Seja como for, o fato é que de todas as características listadas, é de destacar, sem dúvida, a conexão com o Poder Público como aquela que mais evidencia os traços da criminalidade verdadeiramente organizada. Além dela, a capacidade de realização de fraudes difusas, o alto grau de operacionalidade e a constante mutação são características que ressaltam nas organizações criminosas, as quais procuraremos esmiuçar logo a seguir.
Conexão com o Poder Público
Durante muito tempo se concebeu o Crime Organizado como uma tentativa de o grupo criminoso cunhar um "Estado Paralelo".
Sob inspiração dos filmes de Hollywood, imagina-se que o Crime Organizado dispõe de regras próprias, execuções rápidas e violentas e julgamentos internos, tudo de forma a substituir os três poderes estatais, de criar as leis, executá-las e julgá-las.
Hoje em dia, os grupos criminosos que assim atuam, pode-se dizer, constituem exceções,3 porquanto é por meio da infiltração de agentes nas estruturas estatais e pela cooptação de agentes públicos que o Crime Organizado busca neutralizar as ações repressivas do Estado, não sendo demais afirmar que tais técnicas, em boa medida, substituíram a violência e a intimidação como método primário de atuação dos grupos criminosos organizados.4
Essa característica não passou despercebida pela argúcia de Hassemer (1993, p.85 ss), segundo o qual
a criminalidade organizada não é apenas uma organização bem feita, não é somente uma organização internacional, mas é, em última análise, a corrupção da legislatura, da Magistratura, do Ministério Público, da Polícia, ou seja, a paralisação estatal no combate à criminalidade... é uma criminalidade difusa que se caracteriza pela ausência de vítimas individuais, pela pouca visibilidade dos danos causados bem como por um novo modus operandi (profissionalidade, divisão de tarefas, participação de "gente insuspeita", métodos sofisticados etc.). Ainda mais preocupante, para muitos, é fruto de uma escolha individual e integra certas culturas...
No mesmo sentir, e ainda mais enfático, bem anota Gomes et al. (2000, p.8) que a
força e a violência são meios que não interessam, a princípio, pois acabam por atrair indesejável atração da imprensa, de parte das autoridades e da própria população, que sempre exerce influência nas iniciativas dos políticos.
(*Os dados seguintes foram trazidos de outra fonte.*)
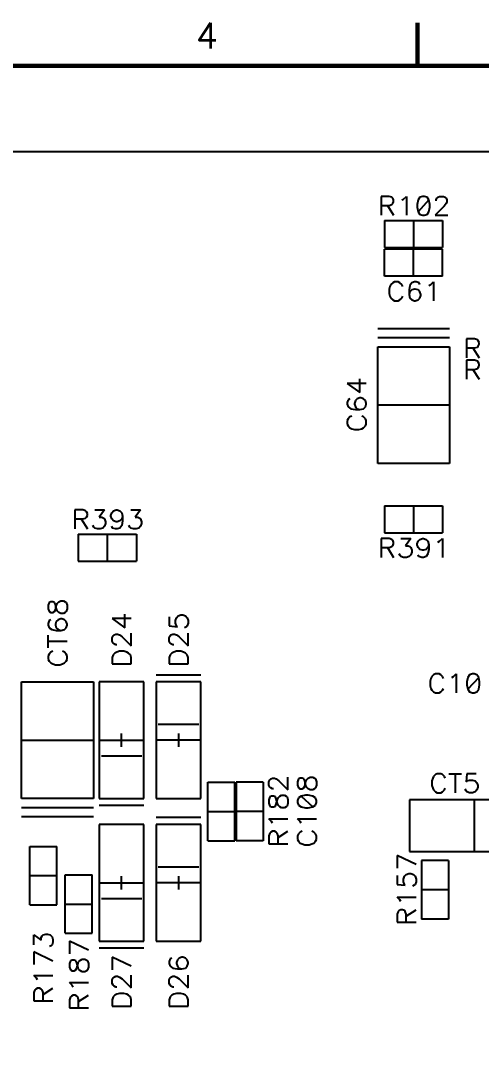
# Model space of a CAD drawing. Extents: x 295 to 953, y 10 to 290.
# Drawn here: x 641 to 694.4, y 171 to 290.2 of the extents above; entities that cross this region are included whole.
import ezdxf
from ezdxf.enums import TextEntityAlignment as Align

# ---------------------------------------------------------------- set-up
doc = ezdxf.new("R2010")
doc.units = 0
doc.header["$LTSCALE"] = 5
doc.header["$MEASUREMENT"] = 0
doc.layers.get('0').update_dxf_attribs({"linetype": 'CONTINUOUS', "lineweight": 25})
for name, color, linetype in [('DV-DPO-A6_BSK', 2, 'CONTINUOUS'), ('문자', 4, 'CONTINUOUS'), ('테두리', 3, 'CONTINUOUS')]:
    doc.layers.add(name, color=color, linetype=linetype)
doc.styles.get("Standard").update_dxf_attribs({"font": 'simplex.shx'})

# ---------------------------------------------------------------- blocks, each defined once
blk = doc.blocks.new('C')
at = {"layer": '테두리', "const_width": 0.5}
for points in [[(210, 290), (210, 285)], [(15, 285), (15, 15), (405, 15), (405, 285), (15, 285)]]:
    blk.add_lwpolyline(points, dxfattribs=at)
at = {"layer": '문자'}
blk.add_text('4', height=3, dxfattribs=at).set_placement((185.62, 288.5), align=Align.MIDDLE)

msp = doc.modelspace()

# ---------------------------------------------------------------- linework, layer by layer
at = {"layer": 'DV-DPO-A6_BSK', "color": 7}
for p, q in [((529.28, 275.1), (843.88, 275.1)), ((683.71, 269.89), (682.77, 269.89)), ((682.77, 269.89), (682.77, 267.7)), ((684.03, 269.79), (683.71, 269.89)), ((684.13, 269.68), (684.03, 269.79)), ((684.23, 269.48), (684.13, 269.68)), ((685.18, 269.48), (685.38, 269.58)), ((685.38, 269.58), (685.7, 269.89)), ((685.7, 269.89), (685.7, 267.7)), ((687.26, 269.79), (687.06, 269.48)), ((687.58, 269.89), (687.26, 269.79)), ((687.79, 269.89), (687.58, 269.89)), ((688.1, 269.79), (687.79, 269.89)), ((688.31, 269.48), (688.1, 269.79)), ((689.15, 269.48), (689.25, 269.68)), ((689.25, 269.68), (689.36, 269.79)), ((689.36, 269.79), (689.56, 269.89)), ((689.56, 269.89), (689.99, 269.89)), ((689.99, 269.89), (690.19, 269.79)), ((690.19, 269.79), (690.3, 269.68)), ((690.3, 269.68), (690.4, 269.48)), ((682.77, 268.85), (683.71, 268.85)), ((683.51, 268.85), (684.23, 267.7)), ((683.71, 268.85), (684.03, 268.95)), ((684.03, 268.95), (684.13, 269.05)), ((684.13, 269.05), (684.23, 269.27)), ((684.23, 269.27), (684.23, 269.48)), ((687.06, 269.48), (686.95, 268.95)), ((686.95, 268.95), (686.95, 268.64)), ((686.95, 268.64), (687.06, 268.12)), ((688.31, 269.48), (687.06, 268.12)), ((688.41, 268.95), (688.31, 269.48)), ((688.31, 268.12), (688.41, 268.64)), ((688.41, 268.64), (688.41, 268.95)), ((690.08, 268.74), (689.04, 267.7)), ((689.15, 269.37), (689.15, 269.48)), ((690.3, 269.05), (690.08, 268.74)), ((690.4, 269.27), (690.3, 269.05)), ((690.4, 269.48), (690.4, 269.27)), ((687.06, 268.12), (687.26, 267.81)), ((687.26, 267.81), (687.58, 267.7)), ((687.58, 267.7), (687.79, 267.7)), ((687.79, 267.7), (688.1, 267.81)), ((688.1, 267.81), (688.31, 268.12)), ((689.04, 267.7), (690.51, 267.7)), ((683.16, 267.09), (689.91, 267.09)), ((683.16, 267.09), (683.16, 263.96)), ((686.53, 267.09), (686.53, 263.96)), ((689.91, 267.09), (689.91, 263.96)), ((683.16, 263.96), (689.91, 263.96)), ((689.91, 263.78), (683.16, 263.78)), ((683.16, 260.66), (683.16, 263.78)), ((686.53, 260.66), (686.53, 263.78)), ((689.91, 260.66), (689.91, 263.78)), ((689.91, 260.66), (683.16, 260.66)), ((683.8, 259.47), (683.7, 259.16)), ((683.7, 259.16), (683.7, 258.63)), ((683.91, 259.68), (683.8, 259.47)), ((684.12, 259.89), (683.91, 259.68)), ((684.33, 260), (684.12, 259.89)), ((684.75, 260), (684.33, 260)), ((684.96, 259.89), (684.75, 260)), ((685.17, 259.68), (684.96, 259.89)), ((685.28, 259.47), (685.17, 259.68)), ((686.12, 259.58), (686.01, 259.06)), ((686.01, 259.06), (686.01, 258.53)), ((686.12, 258.84), (686.01, 258.53)), ((686.33, 259.89), (686.12, 259.58)), ((686.33, 259.06), (686.12, 258.84)), ((686.64, 260), (686.33, 259.89)), ((686.64, 259.16), (686.33, 259.06)), ((686.85, 260), (686.64, 260)), ((686.74, 259.16), (686.64, 259.16)), ((687.06, 259.06), (686.74, 259.16)), ((687.17, 259.89), (686.85, 260)), ((687.27, 258.84), (687.06, 259.06)), ((687.27, 259.68), (687.17, 259.89)), ((687.38, 258.53), (687.27, 258.84)), ((688.32, 259.58), (688.53, 259.68)), ((688.53, 259.68), (688.84, 260)), ((688.84, 260), (688.84, 257.79)), ((683.7, 258.63), (683.8, 258.32)), ((683.8, 258.32), (683.91, 258.11)), ((683.91, 258.11), (684.12, 257.9)), ((684.12, 257.9), (684.33, 257.79)), ((684.33, 257.79), (684.75, 257.79)), ((684.75, 257.79), (684.96, 257.9)), ((684.96, 257.9), (685.17, 258.11)), ((685.17, 258.11), (685.28, 258.32)), ((686.01, 258.53), (686.12, 258.11)), ((686.12, 258.11), (686.33, 257.9)), ((686.33, 257.9), (686.64, 257.79)), ((686.64, 257.79), (686.74, 257.79)), ((686.74, 257.79), (687.06, 257.9)), ((687.06, 257.9), (687.27, 258.11)), ((687.27, 258.11), (687.38, 258.43)), ((687.38, 258.43), (687.38, 258.53)), ((690.69, 254.55), (682.38, 254.55)), ((690.69, 253.51), (682.38, 253.51)), ((693.62, 253.38), (692.68, 253.38)), ((692.68, 253.38), (692.68, 251.19)), ((693.93, 253.28), (693.62, 253.38)), ((694.04, 253.17), (693.93, 253.28)), ((694.14, 252.97), (694.04, 253.17)), ((694.14, 252.76), (694.14, 252.97)), ((682.38, 238.95), (682.38, 252.47)), ((682.38, 252.47), (690.69, 252.47)), ((690.69, 252.47), (690.69, 238.95)), ((692.68, 252.34), (693.62, 252.34)), ((693.41, 252.34), (694.14, 251.19)), ((693.62, 252.34), (693.93, 252.44)), ((693.93, 252.44), (694.04, 252.54)), ((694.04, 252.54), (694.14, 252.76)), ((693.62, 250.91), (692.68, 250.91)), ((692.68, 250.91), (692.68, 248.71)), ((693.93, 250.8), (693.62, 250.91)), ((694.04, 250.69), (693.93, 250.8)), ((694.14, 250.49), (694.04, 250.69)), ((694.14, 250.28), (694.14, 250.49)), ((692.68, 249.86), (693.62, 249.86)), ((693.41, 249.86), (694.14, 248.71)), ((693.62, 249.86), (693.93, 249.97)), ((693.93, 249.97), (694.04, 250.07)), ((694.04, 250.07), (694.14, 250.28)), ((681.06, 248.23), (678.85, 248.23)), ((678.85, 248.23), (680.32, 247.18)), ((680.32, 247.18), (680.32, 248.75)), ((678.96, 246.34), (678.85, 246.03)), ((678.85, 246.03), (678.85, 245.81)), ((678.85, 245.81), (678.96, 245.5)), ((679.17, 246.44), (678.96, 246.34)), ((679.8, 246.24), (679.69, 245.92)), ((679.69, 245.92), (679.69, 245.81)), ((679.69, 245.81), (679.8, 245.5)), ((680.01, 246.44), (679.8, 246.24)), ((680.32, 246.55), (680.01, 246.44)), ((680.42, 246.55), (680.32, 246.55)), ((680.74, 246.44), (680.42, 246.55)), ((680.95, 246.24), (680.74, 246.44)), ((681.06, 245.92), (680.95, 246.24)), ((680.95, 245.5), (681.06, 245.81)), ((681.06, 245.81), (681.06, 245.92)), ((690.69, 245.71), (682.38, 245.71)), ((678.96, 245.5), (679.27, 245.29)), ((679.27, 245.29), (679.8, 245.19)), ((679.8, 245.5), (680.01, 245.29)), ((679.8, 245.19), (680.32, 245.19)), ((680.01, 245.29), (680.32, 245.19)), ((680.32, 245.19), (680.74, 245.29)), ((680.74, 245.29), (680.95, 245.5)), ((678.96, 244.14), (678.85, 243.93)), ((678.85, 243.93), (678.85, 243.51)), ((678.85, 243.51), (678.96, 243.3)), ((679.17, 244.35), (678.96, 244.14)), ((679.37, 244.45), (679.17, 244.35)), ((680.74, 244.35), (680.53, 244.45)), ((680.95, 244.14), (680.74, 244.35)), ((681.06, 243.93), (680.95, 244.14)), ((680.95, 243.3), (681.06, 243.51)), ((681.06, 243.51), (681.06, 243.93)), ((678.96, 243.3), (679.17, 243.09)), ((679.17, 243.09), (679.37, 242.98)), ((679.37, 242.98), (679.69, 242.88)), ((679.69, 242.88), (680.21, 242.88)), ((680.21, 242.88), (680.53, 242.98)), ((680.53, 242.98), (680.74, 243.09)), ((680.74, 243.09), (680.95, 243.3)), ((690.69, 238.95), (682.38, 238.95)), ((683.16, 234.07), (689.91, 234.07)), ((683.16, 234.07), (683.16, 230.94)), ((686.53, 234.07), (686.53, 230.94)), ((689.91, 234.07), (689.91, 230.94)), ((648.21, 233.57), (647.28, 233.57)), ((647.28, 233.57), (647.28, 231.38)), ((648.53, 233.47), (648.21, 233.57)), ((648.21, 232.53), (648.53, 232.63)), ((648.64, 233.36), (648.53, 233.47)), ((648.53, 232.63), (648.64, 232.73)), ((648.74, 233.15), (648.64, 233.36)), ((648.64, 232.73), (648.74, 232.94)), ((648.74, 232.94), (648.74, 233.15)), ((649.58, 233.57), (650.72, 233.57)), ((650.72, 233.57), (650.1, 232.73)), ((650.1, 232.73), (650.41, 232.73)), ((650.41, 232.73), (650.62, 232.63)), ((650.62, 232.63), (650.72, 232.53)), ((651.46, 232.94), (651.56, 233.26)), ((651.46, 232.84), (651.46, 232.94)), ((651.56, 232.53), (651.46, 232.84)), ((651.56, 233.26), (651.77, 233.47)), ((651.77, 233.47), (652.08, 233.57)), ((652.08, 233.57), (652.19, 233.57)), ((652.19, 233.57), (652.5, 233.47)), ((652.5, 233.47), (652.71, 233.26)), ((652.71, 233.26), (652.81, 232.84)), ((652.81, 232.84), (652.71, 232.53)), ((652.81, 232.84), (652.81, 232.32)), ((653.76, 233.57), (654.9, 233.57)), ((654.9, 233.57), (654.28, 232.73)), ((654.28, 232.73), (654.59, 232.73)), ((654.59, 232.73), (654.8, 232.63)), ((654.8, 232.63), (654.9, 232.53)), ((647.28, 232.53), (648.21, 232.53)), ((648.01, 232.53), (648.74, 231.38)), ((649.47, 231.58), (649.36, 231.79)), ((649.58, 231.48), (649.47, 231.58)), ((649.89, 231.38), (649.58, 231.48)), ((650.51, 231.48), (650.2, 231.38)), ((650.72, 231.69), (650.51, 231.48)), ((650.72, 232.53), (650.83, 232.21)), ((650.83, 232.01), (650.72, 231.69)), ((650.83, 232.21), (650.83, 232.01)), ((651.77, 232.32), (651.56, 232.53)), ((651.66, 231.48), (651.56, 231.69)), ((651.98, 231.38), (651.66, 231.48)), ((652.08, 232.21), (651.77, 232.32)), ((652.19, 232.21), (652.08, 232.21)), ((652.5, 232.32), (652.19, 232.21)), ((652.5, 231.48), (652.19, 231.38)), ((652.71, 232.53), (652.5, 232.32)), ((652.71, 231.79), (652.5, 231.48)), ((652.81, 232.32), (652.71, 231.79)), ((653.65, 231.58), (653.54, 231.79)), ((653.76, 231.48), (653.65, 231.58)), ((654.07, 231.38), (653.76, 231.48)), ((654.69, 231.48), (654.38, 231.38)), ((654.9, 231.69), (654.69, 231.48)), ((654.9, 232.53), (655.01, 232.21)), ((655.01, 232.01), (654.9, 231.69)), ((655.01, 232.21), (655.01, 232.01)), ((647.66, 230.76), (654.42, 230.76)), ((647.66, 230.76), (647.66, 227.64)), ((650.2, 231.38), (649.89, 231.38)), ((651.03, 230.76), (651.03, 227.64)), ((652.19, 231.38), (651.98, 231.38)), ((654.38, 231.38), (654.07, 231.38)), ((654.42, 230.76), (654.42, 227.64)), ((683.71, 230.27), (682.77, 230.27)), ((682.77, 230.27), (682.77, 228.08)), ((683.16, 230.94), (689.91, 230.94)), ((684.03, 230.16), (683.71, 230.27)), ((685.07, 230.27), (686.22, 230.27)), ((686.22, 230.27), (685.59, 229.43)), ((687.26, 230.16), (687.58, 230.27)), ((687.58, 230.27), (687.69, 230.27)), ((687.69, 230.27), (688, 230.16)), ((689.56, 229.96), (689.88, 230.27)), ((689.88, 230.27), (689.88, 228.08)), ((682.77, 229.23), (683.71, 229.23)), ((683.51, 229.23), (684.23, 228.08)), ((683.71, 229.23), (684.03, 229.33)), ((684.13, 230.06), (684.03, 230.16)), ((684.03, 229.33), (684.13, 229.43)), ((684.23, 229.85), (684.13, 230.06)), ((684.13, 229.43), (684.23, 229.64)), ((684.23, 229.64), (684.23, 229.85)), ((685.59, 229.43), (685.91, 229.43)), ((685.91, 229.43), (686.12, 229.33)), ((686.12, 229.33), (686.22, 229.23)), ((686.22, 229.23), (686.33, 228.91)), ((686.95, 229.64), (687.06, 229.96)), ((686.95, 229.54), (686.95, 229.64)), ((687.06, 229.23), (686.95, 229.54)), ((687.06, 229.96), (687.26, 230.16)), ((687.26, 229.01), (687.06, 229.23)), ((687.58, 228.91), (687.26, 229.01)), ((688, 229.01), (687.69, 228.91)), ((688, 230.16), (688.21, 229.96)), ((688.21, 229.23), (688, 229.01)), ((688.21, 229.96), (688.31, 229.54)), ((688.31, 229.54), (688.21, 229.23)), ((688.31, 229.01), (688.21, 228.49)), ((688.31, 229.54), (688.31, 229.01)), ((689.36, 229.85), (689.56, 229.96)), ((684.97, 228.28), (684.86, 228.49)), ((685.07, 228.18), (684.97, 228.28)), ((685.38, 228.08), (685.07, 228.18)), ((685.7, 228.08), (685.38, 228.08)), ((686.01, 228.18), (685.7, 228.08)), ((686.22, 228.39), (686.01, 228.18)), ((686.33, 228.7), (686.22, 228.39)), ((686.33, 228.91), (686.33, 228.7)), ((687.16, 228.18), (687.06, 228.39)), ((687.48, 228.08), (687.16, 228.18)), ((687.69, 228.08), (687.48, 228.08)), ((687.69, 228.91), (687.58, 228.91)), ((688, 228.18), (687.69, 228.08)), ((688.21, 228.49), (688, 228.18)), ((647.66, 227.64), (654.42, 227.64)), ((645.44, 222.95), (645.65, 223.06)), ((645.65, 223.06), (645.97, 223.06)), ((645.97, 223.06), (646.17, 222.95)), ((644.29, 222.85), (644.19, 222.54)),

Se ambas, de alguma forma, possuem inegável aptidão para intimidar, por outro lado, podem gerar repulsa, revolta imponderável e conseqüente ação inesperada e contrária. Assim, é muito mais adequado que as organizações criminosas adotem medidas menos drásticas, optando por interferências mais sutis e discretas, em prol da manutenção de sua operacionalidade. Agredir e matar, até mesmo sob o prisma jurídico-penal, acaba resultando em materialidade, um corpo de delito, a existência de um cadáver ou de uma pessoa lesada, ao passo que a infiltração, a troca de favores, o oferecimento de vantagens e outras técnicas mais amenas findam por ter o mesmo efeito prático, sem deixar pistas tão aparentes.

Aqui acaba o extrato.